Records from a data source
▬▬▬

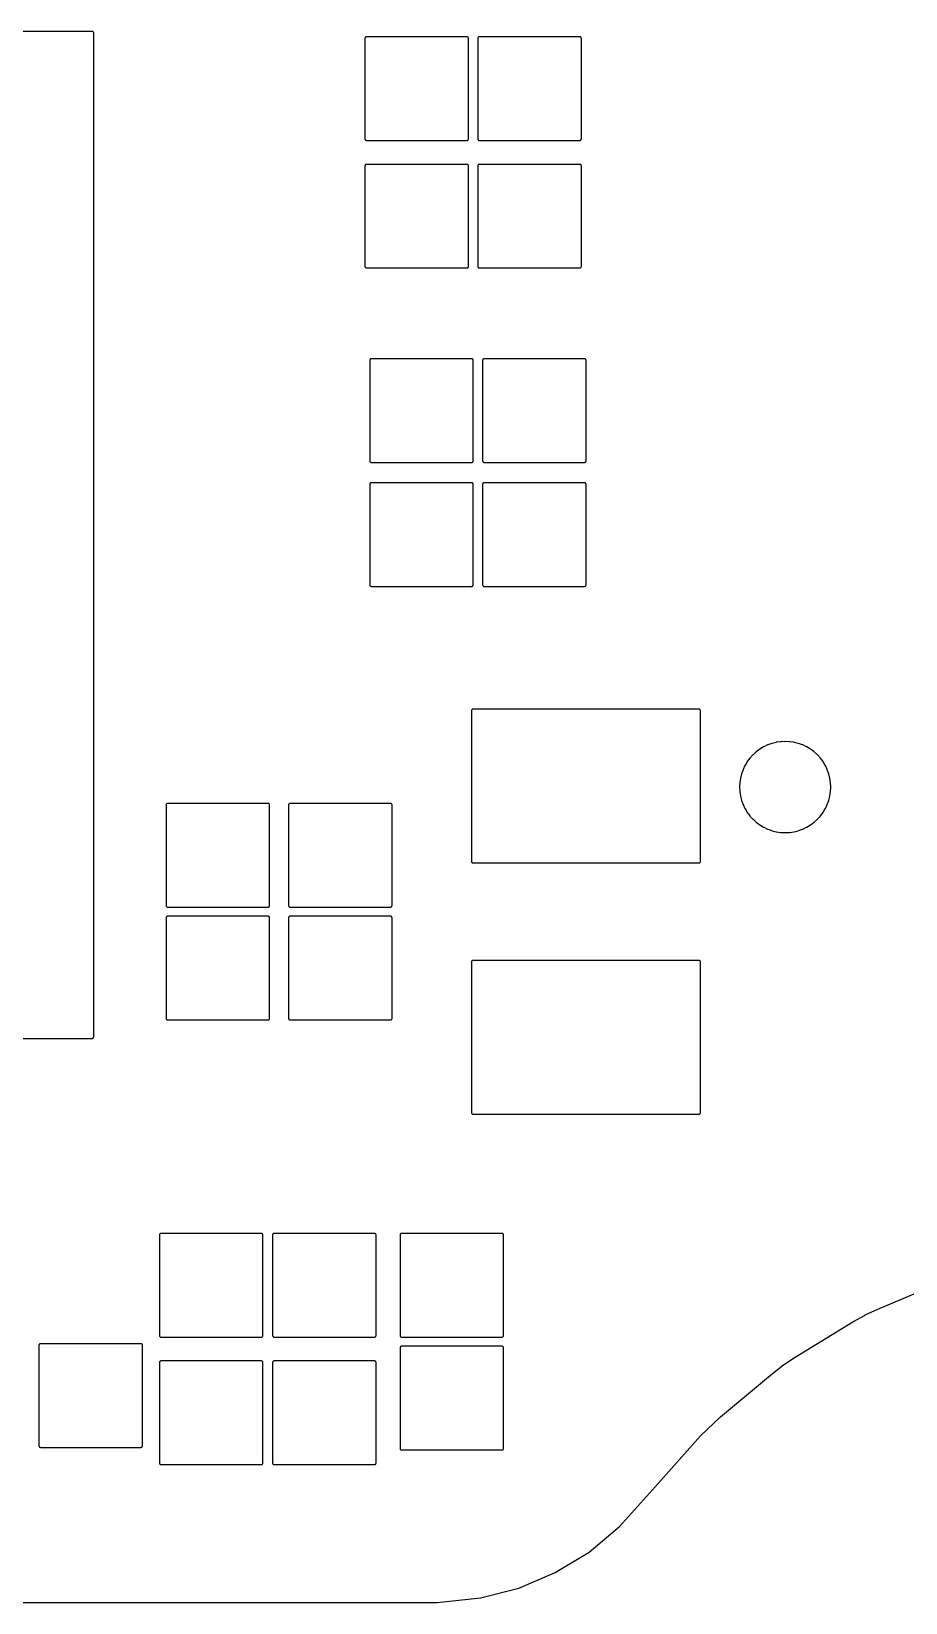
# Model space of a CAD drawing. Header units: inches. Extents: x -0.5 to 10, y -2.4 to 3.9.
# Drawn here: x 1.6391 to 1.9134, y 3.0051 to 3.4979 of the extents above; entities that cross this region are included whole.
import ezdxf

# ---------------------------------------------------------------- set-up
doc = ezdxf.new("R2010")
doc.units = ezdxf.units.IN

msp = doc.modelspace()

# ---------------------------------------------------------------- linework, layer by layer
for points in [[(1.61685, 3.18205), (1.65815, 3.18205), (1.658175, 3.182051), (1.658224, 3.182056), (1.658272, 3.182065), (1.658319, 3.182079), (1.658364, 3.182098), (1.658407, 3.182121), (1.658448, 3.182149), (1.658486, 3.18218), (1.65852, 3.182214), (1.658551, 3.182252), (1.658579, 3.182293), (1.658602, 3.182336), (1.658621, 3.182381), (1.658635, 3.182428), (1.658644, 3.182476), (1.658649, 3.182525), (1.65865, 3.18255), (1.65865, 3.21395), (1.658649, 3.213975), (1.658647, 3.214), (1.658649, 3.214025), (1.65865, 3.21405), (1.65865, 3.24545), (1.658649, 3.245475), (1.658647, 3.2455), (1.658649, 3.245525), (1.65865, 3.24555), (1.65865, 3.29265), (1.658649, 3.292675), (1.658647, 3.2927), (1.658649, 3.292725), (1.65865, 3.29275), (1.65865, 3.32415), (1.658649, 3.324175), (1.658647, 3.3242), (1.658649, 3.324225), (1.65865, 3.32425), (1.65865, 3.35565), (1.658649, 3.355675), (1.658647, 3.3557), (1.658649, 3.355725), (1.65865, 3.35575), (1.65865, 3.38715), (1.658649, 3.387175), (1.658647, 3.3872), (1.658649, 3.387225), (1.65865, 3.38725), (1.65865, 3.41865), (1.658649, 3.418675), (1.658647, 3.4187), (1.658649, 3.418725), (1.65865, 3.41875), (1.65865, 3.45015), (1.658649, 3.450175), (1.658647, 3.4502), (1.658649, 3.450225), (1.65865, 3.45025), (1.65865, 3.48165), (1.658649, 3.481675), (1.658647, 3.4817), (1.658649, 3.481725), (1.65865, 3.48175), (1.65865, 3.49745), (1.658649, 3.497475), (1.658644, 3.497524), (1.658635, 3.497572), (1.658621, 3.497619), (1.658602, 3.497664), (1.658579, 3.497707), (1.658551, 3.497748), (1.65852, 3.497786), (1.658486, 3.49782), (1.658448, 3.497851), (1.658407, 3.497879), (1.658364, 3.497902), (1.658319, 3.497921), (1.658272, 3.497935), (1.658224, 3.497944), (1.658175, 3.497949), (1.65815, 3.49795), (1.61685, 3.49795)], [(1.5818, 3.00505), (1.766369, 3.00505), (1.77999, 3.006486), (1.792021, 3.009593), (1.803465, 3.014434), (1.814071, 3.020906), (1.823651, 3.028902), (1.834904, 3.041489), (1.849056, 3.057319), (1.849069, 3.057333), (1.849081, 3.057346), (1.855268, 3.063326), (1.85528, 3.063336), (1.855295, 3.06335), (1.871596, 3.076954), (1.871605, 3.076962), (1.87161, 3.076965), (1.875056, 3.079632), (1.87507, 3.079643), (1.875086, 3.079653), (1.878719, 3.082058), (1.878724, 3.082062), (1.878734, 3.082068), (1.896858, 3.093127), (1.896863, 3.09313), (1.896874, 3.093136), (1.900674, 3.095267), (1.900693, 3.095277), (1.900707, 3.095284), (1.904654, 3.097128), (1.904664, 3.097133), (1.904671, 3.097136), (1.924224, 3.105409)]]:
    msp.add_lwpolyline(points)
for points in [[(1.744225, 3.463751), (1.744225, 3.463751), (1.74425, 3.46375), (1.77575, 3.46375), (1.775775, 3.463751), (1.775824, 3.463756), (1.775872, 3.463765), (1.775919, 3.463779), (1.775964, 3.463798), (1.776007, 3.463821), (1.776048, 3.463849), (1.776086, 3.46388), (1.77612, 3.463914), (1.776151, 3.463952), (1.776179, 3.463993), (1.776202, 3.464036), (1.776221, 3.464081), (1.776235, 3.464128), (1.776244, 3.464176), (1.776249, 3.464225), (1.77625, 3.46425), (1.77625, 3.49575), (1.776249, 3.495775), (1.776244, 3.495824), (1.776235, 3.495872), (1.776221, 3.495919), (1.776202, 3.495964), (1.776179, 3.496007), (1.776151, 3.496048), (1.77612, 3.496086), (1.776086, 3.49612), (1.776048, 3.496151), (1.776007, 3.496179), (1.775964, 3.496202), (1.775919, 3.496221), (1.775872, 3.496235), (1.775824, 3.496244), (1.775775, 3.496249), (1.77575, 3.49625), (1.74425, 3.49625), (1.744225, 3.496249), (1.744176, 3.496244), (1.744128, 3.496235), (1.744081, 3.496221), (1.744036, 3.496202), (1.743993, 3.496179), (1.743952, 3.496151), (1.743914, 3.49612), (1.74388, 3.496086), (1.743849, 3.496048), (1.743821, 3.496007), (1.743798, 3.495964), (1.743779, 3.495919), (1.743765, 3.495872), (1.743756, 3.495824), (1.743751, 3.495775), (1.74375, 3.49575), (1.74375, 3.46425), (1.743751, 3.464225), (1.743756, 3.464176), (1.743765, 3.464128), (1.743779, 3.464081), (1.743798, 3.464036), (1.743821, 3.463993), (1.743849, 3.463952), (1.74388, 3.463914), (1.743914, 3.46388), (1.743952, 3.463849), (1.743993, 3.463821), (1.744036, 3.463798), (1.744081, 3.463779), (1.744128, 3.463765), (1.744176, 3.463756)], [(1.779625, 3.463751), (1.779625, 3.463751), (1.77965, 3.46375), (1.81115, 3.46375), (1.811175, 3.463751), (1.811224, 3.463756), (1.811272, 3.463765), (1.811319, 3.463779), (1.811364, 3.463798), (1.811407, 3.463821), (1.811448, 3.463849), (1.811486, 3.46388), (1.81152, 3.463914), (1.811551, 3.463952), (1.811579, 3.463993), (1.811602, 3.464036), (1.811621, 3.464081), (1.811635, 3.464128), (1.811644, 3.464176), (1.811649, 3.464225), (1.81165, 3.46425), (1.81165, 3.49575), (1.811649, 3.495775), (1.811644, 3.495824), (1.811635, 3.495872), (1.811621, 3.495919), (1.811602, 3.495964), (1.811579, 3.496007), (1.811551, 3.496048), (1.81152, 3.496086), (1.811486, 3.49612), (1.811448, 3.496151), (1.811407, 3.496179), (1.811364, 3.496202), (1.811319, 3.496221), (1.811272, 3.496235), (1.811224, 3.496244), (1.811175, 3.496249), (1.81115, 3.49625), (1.77965, 3.49625), (1.779625, 3.496249), (1.779576, 3.496244), (1.779528, 3.496235), (1.779481, 3.496221), (1.779436, 3.496202), (1.779393, 3.496179), (1.779352, 3.496151), (1.779314, 3.49612), (1.77928, 3.496086), (1.779249, 3.496048), (1.779221, 3.496007), (1.779198, 3.495964), (1.779179, 3.495919), (1.779165, 3.495872), (1.779156, 3.495824), (1.779151, 3.495775), (1.77915, 3.49575), (1.77915, 3.46425), (1.779151, 3.464225), (1.779156, 3.464176), (1.779165, 3.464128), (1.779179, 3.464081), (1.779198, 3.464036), (1.779221, 3.463993), (1.779249, 3.463952), (1.77928, 3.463914), (1.779314, 3.46388), (1.779352, 3.463849), (1.779393, 3.463821), (1.779436, 3.463798), (1.779481, 3.463779), (1.779528, 3.463765), (1.779576, 3.463756)], [(1.744225, 3.423751), (1.744225, 3.423751), (1.74425, 3.42375), (1.77575, 3.42375), (1.775775, 3.423751), (1.775824, 3.423756), (1.775872, 3.423765), (1.775919, 3.423779), (1.775964, 3.423798), (1.776007, 3.423821), (1.776048, 3.423849), (1.776086, 3.42388), (1.77612, 3.423914), (1.776151, 3.423952), (1.776179, 3.423993), (1.776202, 3.424036), (1.776221, 3.424081), (1.776235, 3.424128), (1.776244, 3.424176), (1.776249, 3.424225), (1.77625, 3.42425), (1.77625, 3.45575), (1.776249, 3.455775), (1.776244, 3.455824), (1.776235, 3.455872), (1.776221, 3.455919), (1.776202, 3.455964), (1.776179, 3.456007), (1.776151, 3.456048), (1.77612, 3.456086), (1.776086, 3.45612), (1.776048, 3.456151), (1.776007, 3.456179), (1.775964, 3.456202), (1.775919, 3.456221), (1.775872, 3.456235), (1.775824, 3.456244), (1.775775, 3.456249), (1.77575, 3.45625), (1.74425, 3.45625), (1.744225, 3.456249), (1.744176, 3.456244), (1.744128, 3.456235), (1.744081, 3.456221), (1.744036, 3.456202), (1.743993, 3.456179), (1.743952, 3.456151), (1.743914, 3.45612), (1.74388, 3.456086), (1.743849, 3.456048), (1.743821, 3.456007), (1.743798, 3.455964), (1.743779, 3.455919), (1.743765, 3.455872), (1.743756, 3.455824), (1.743751, 3.455775), (1.74375, 3.45575), (1.74375, 3.42425), (1.743751, 3.424225), (1.743756, 3.424176), (1.743765, 3.424128), (1.743779, 3.424081), (1.743798, 3.424036), (1.743821, 3.423993), (1.743849, 3.423952), (1.74388, 3.423914), (1.743914, 3.42388), (1.743952, 3.423849), (1.743993, 3.423821), (1.744036, 3.423798), (1.744081, 3.423779), (1.744128, 3.423765), (1.744176, 3.423756)], [(1.779625, 3.423751), (1.779625, 3.423751), (1.77965, 3.42375), (1.81115, 3.42375), (1.811175, 3.423751), (1.811224, 3.423756), (1.811272, 3.423765), (1.811319, 3.423779), (1.811364, 3.423798), (1.811407, 3.423821), (1.811448, 3.423849), (1.811486, 3.42388), (1.81152, 3.423914), (1.811551, 3.423952), (1.811579, 3.423993), (1.811602, 3.424036), (1.811621, 3.424081), (1.811635, 3.424128), (1.811644, 3.424176), (1.811649, 3.424225), (1.81165, 3.42425), (1.81165, 3.45575), (1.811649, 3.455775), (1.811644, 3.455824), (1.811635, 3.455872), (1.811621, 3.455919), (1.811602, 3.455964), (1.811579, 3.456007), (1.811551, 3.456048), (1.81152, 3.456086), (1.811486, 3.45612), (1.811448, 3.456151), (1.811407, 3.456179), (1.811364, 3.456202), (1.811319, 3.456221), (1.811272, 3.456235), (1.811224, 3.456244), (1.811175, 3.456249), (1.81115, 3.45625), (1.77965, 3.45625), (1.779625, 3.456249), (1.779576, 3.456244), (1.779528, 3.456235), (1.779481, 3.456221), (1.779436, 3.456202), (1.779393, 3.456179), (1.779352, 3.456151), (1.779314, 3.45612), (1.77928, 3.456086), (1.779249, 3.456048), (1.779221, 3.456007), (1.779198, 3.455964), (1.779179, 3.455919), (1.779165, 3.455872), (1.779156, 3.455824), (1.779151, 3.455775), (1.77915, 3.45575), (1.77915, 3.42425), (1.779151, 3.424225), (1.779156, 3.424176), (1.779165, 3.424128), (1.779179, 3.424081), (1.779198, 3.424036), (1.779221, 3.423993), (1.779249, 3.423952), (1.77928, 3.423914), (1.779314, 3.42388), (1.779352, 3.423849), (1.779393, 3.423821), (1.779436, 3.423798), (1.779481, 3.423779), (1.779528, 3.423765), (1.779576, 3.423756)], [(1.745725, 3.362751), (1.745725, 3.362751), (1.74575, 3.36275), (1.77725, 3.36275), (1.777275, 3.362751), (1.777324, 3.362756), (1.777372, 3.362765), (1.777419, 3.362779), (1.777464, 3.362798), (1.777507, 3.362821), (1.777548, 3.362849), (1.777586, 3.36288), (1.77762, 3.362914), (1.777651, 3.362952), (1.777679, 3.362993), (1.777702, 3.363036), (1.777721, 3.363081), (1.777735, 3.363128), (1.777744, 3.363176), (1.777749, 3.363225), (1.77775, 3.36325), (1.77775, 3.39475), (1.777749, 3.394775), (1.777744, 3.394824), (1.777735, 3.394872), (1.777721, 3.394919), (1.777702, 3.394964), (1.777679, 3.395007), (1.777651, 3.395048), (1.77762, 3.395086), (1.777586, 3.39512), (1.777548, 3.395151), (1.777507, 3.395179), (1.777464, 3.395202), (1.777419, 3.395221), (1.777372, 3.395235), (1.777324, 3.395244), (1.777275, 3.395249), (1.77725, 3.39525), (1.74575, 3.39525), (1.745725, 3.395249), (1.745676, 3.395244), (1.745628, 3.395235), (1.745581, 3.395221), (1.745536, 3.395202), (1.745493, 3.395179), (1.745452, 3.395151), (1.745414, 3.39512), (1.74538, 3.395086), (1.745349, 3.395048), (1.745321, 3.395007), (1.745298, 3.394964), (1.745279, 3.394919), (1.745265, 3.394872), (1.745256, 3.394824), (1.745251, 3.394775), (1.74525, 3.39475), (1.74525, 3.36325), (1.745251, 3.363225), (1.745256, 3.363176), (1.745265, 3.363128), (1.745279, 3.363081), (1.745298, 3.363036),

▬▬▬

*Aim of the task*
Reproduce only the lines above spanning from the line containing "doc.units = ezdxf.units.IN" through the line containing "layer by layer", word for word.

*Task result*
doc.units = ezdxf.units.IN

msp = doc.modelspace()

# ---------------------------------------------------------------- linework, layer by layer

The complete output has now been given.